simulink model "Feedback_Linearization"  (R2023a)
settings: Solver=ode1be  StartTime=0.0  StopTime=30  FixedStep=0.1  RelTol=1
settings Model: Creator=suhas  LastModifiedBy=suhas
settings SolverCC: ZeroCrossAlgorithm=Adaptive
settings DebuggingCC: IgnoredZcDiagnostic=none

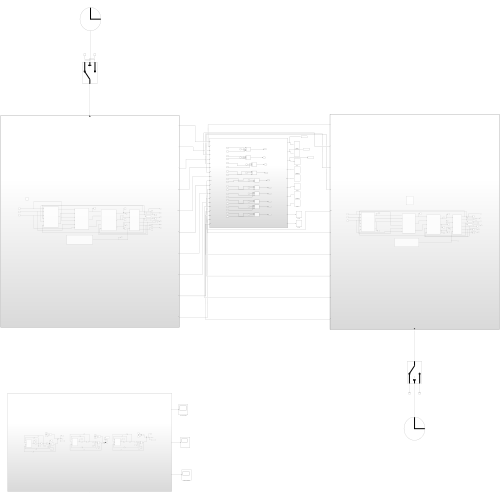
[thumbnail: Simulink's stored preview of the top-level diagram]
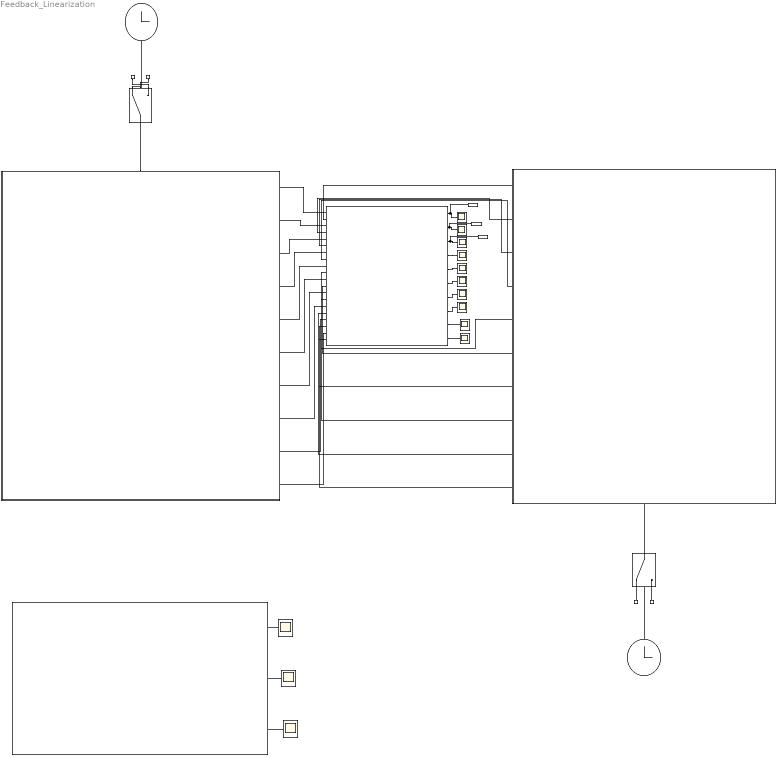
== system Feedback_Linearization ==
  Clock : Clock
  Clock1 : Clock
  Constant : Constant  Value=0
  Constant1 : Constant
  Constant2 : Constant
  Constant3 : Constant  Value=0
  Enabled Subsystem : Subsystem  TreatAsAtomicUnit=on
  Enabled Subsystem1 : Subsystem  TreatAsAtomicUnit=on
  Error Dynamics : Subsystem
  Subsystem : Subsystem
  Switch : Switch  Criteria=u2 > Threshold  Threshold=15  SaturateOnIntegerOverflow=off  InputSameDT=off
  Switch1 : Switch  Criteria=u2 > Threshold  Threshold=15  SaturateOnIntegerOverflow=off  InputSameDT=off
  To Workspace : ToWorkspace  VariableName=x  SaveFormat=Timeseries  SampleTime=-1
  To Workspace1 : ToWorkspace  VariableName=y  SaveFormat=Timeseries  SampleTime=-1
  To Workspace2 : ToWorkspace  VariableName=z  SaveFormat=Timeseries  SampleTime=-1
  X from  Error Dynamics : Scope
  Y from Error Dynamics : Scope
  Z from Error Dynamics : Scope
  phi scope : Scope
  psi scope : Scope
  theta scope : Scope
  u1 scope : Scope
  u2 scope : Scope
  u3 scope : Scope
  u4 scope : Scope
  x scope : Scope
  y scope : Scope
  z scope : Scope
  wires:
  Clock1/1 -> Switch1/2
  Constant3/1 -> Switch1/3
  Clock/1 -> Switch/2
  Constant1/1 -> Switch/3
  Constant2/1 -> Switch1/1
  Constant/1 -> Switch/1
  Switch1/1 -> Enabled Subsystem1/Enable
  Switch/1 -> Enabled Subsystem/Enable
  Enabled Subsystem/1(x) -> Subsystem/1(x1)
  Enabled Subsystem/2(y) -> Subsystem/3(y1)
  Enabled Subsystem/3(z) -> Subsystem/5(z1)
  Enabled Subsystem/4(phi) -> Subsystem/7(phi1)
  Enabled Subsystem/5(theta) -> Subsystem/9(theta1)
  Enabled Subsystem/6(psi) -> Subsystem/11(psi 1)
  Enabled Subsystem/7(u1) -> Subsystem/13(u11)
  Enabled Subsystem/8(u2) -> Subsystem/15(u21)
  Enabled Subsystem/9(u3) -> Subsystem/17(u31)
  Enabled Subsystem/10(u4) -> Subsystem/19(u41)
  Enabled Subsystem1/1(x) -> Subsystem/2(x2)
  Enabled Subsystem1/2(y) -> Subsystem/4(y2)
  Enabled Subsystem1/3(z) -> Subsystem/6(z2)
  Enabled Subsystem1/5(theta) -> Subsystem/10(theta2)
  Enabled Subsystem1/4(phi) -> Subsystem/8(phi2)
  Enabled Subsystem1/6(psi) -> Subsystem/12(psi 2)
  Enabled Subsystem1/8(u1) -> Subsystem/14(u12)
  Enabled Subsystem1/9(u2) -> Subsystem/16(u22)
  Enabled Subsystem1/10(u3) -> Subsystem/18(u32)
  Enabled Subsystem1/7(u4) -> Subsystem/20(u42)
  Subsystem/1(x) -> To Workspace/1, x scope/1
  Subsystem/2(y) -> To Workspace1/1, y scope/1
  Subsystem/3(z) -> To Workspace2/1, z scope/1
  Subsystem/4(phi) -> phi scope/1
  Subsystem/5(theta) -> theta scope/1
  Subsystem/6(psi) -> psi scope/1
  Subsystem/7(u1) -> u1 scope/1
  Subsystem/8(u2) -> u2 scope/1
  Subsystem/9(u3) -> u3 scope/1
  Subsystem/10(u4) -> u4 scope/1
  Error Dynamics/1(x) -> X from  Error Dynamics/1
  Error Dynamics/2(y) -> Y from Error Dynamics/1
  Error Dynamics/3(z) -> Z from Error Dynamics/1

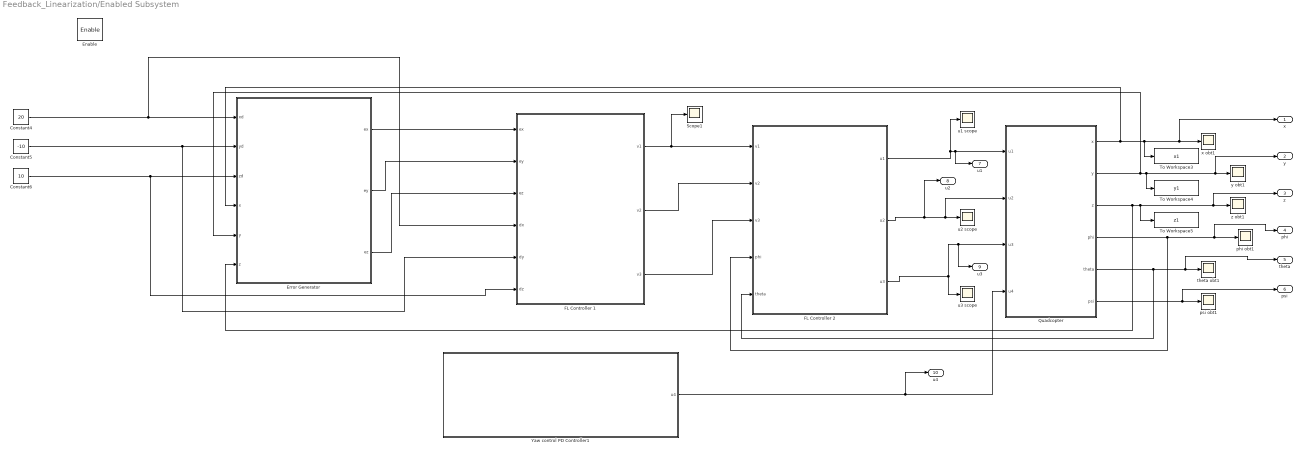
== system Feedback_Linearization/Enabled Subsystem ==
  Enable : EnablePort
  Constant4 : Constant  Value=20
  Constant5 : Constant  Value=-10
  Constant6 : Constant  Value=10
  Error Generator : Subsystem
  FL Controller 1 : Subsystem
  "FL Controller 2 " : Subsystem
  "Quadcopter " : Subsystem
  Scope1 : Scope
  To Workspace3 : ToWorkspace  VariableName=x1  SaveFormat=Timeseries  SampleTime=-1
  To Workspace4 : ToWorkspace  VariableName=y1  SaveFormat=Timeseries  SampleTime=-1
  To Workspace5 : ToWorkspace  VariableName=z1  SaveFormat=Timeseries  SampleTime=-1
  Yaw control PD Controller1 : Subsystem
  phi obt1 : Scope
  psi obt1 : Scope
  theta obt1 : Scope
  u1 scope : Scope
  u2 scope : Scope
  u3 scope : Scope
  x obt1 : Scope
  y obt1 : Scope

########

__GOAL OF THE EXERCISE__.
From the line that has "Enabled Subsystem/2(y) -> Subsystem/3(y1)" through the line that has "Enabled Subsystem1/2(y) -> Subsystem/4(y2)", copy every line exactly as it appears above, and leave out all others.

__WRITTEN ANSWER__.
  Enabled Subsystem/2(y) -> Subsystem/3(y1)
  Enabled Subsystem/3(z) -> Subsystem/5(z1)
  Enabled Subsystem/4(phi) -> Subsystem/7(phi1)
  Enabled Subsystem/5(theta) -> Subsystem/9(theta1)
  Enabled Subsystem/6(psi) -> Subsystem/11(psi 1)
  Enabled Subsystem/7(u1) -> Subsystem/13(u11)
  Enabled Subsystem/8(u2) -> Subsystem/15(u21)
  Enabled Subsystem/9(u3) -> Subsystem/17(u31)
  Enabled Subsystem/10(u4) -> Subsystem/19(u41)
  Enabled Subsystem1/1(x) -> Subsystem/2(x2)
  Enabled Subsystem1/2(y) -> Subsystem/4(y2)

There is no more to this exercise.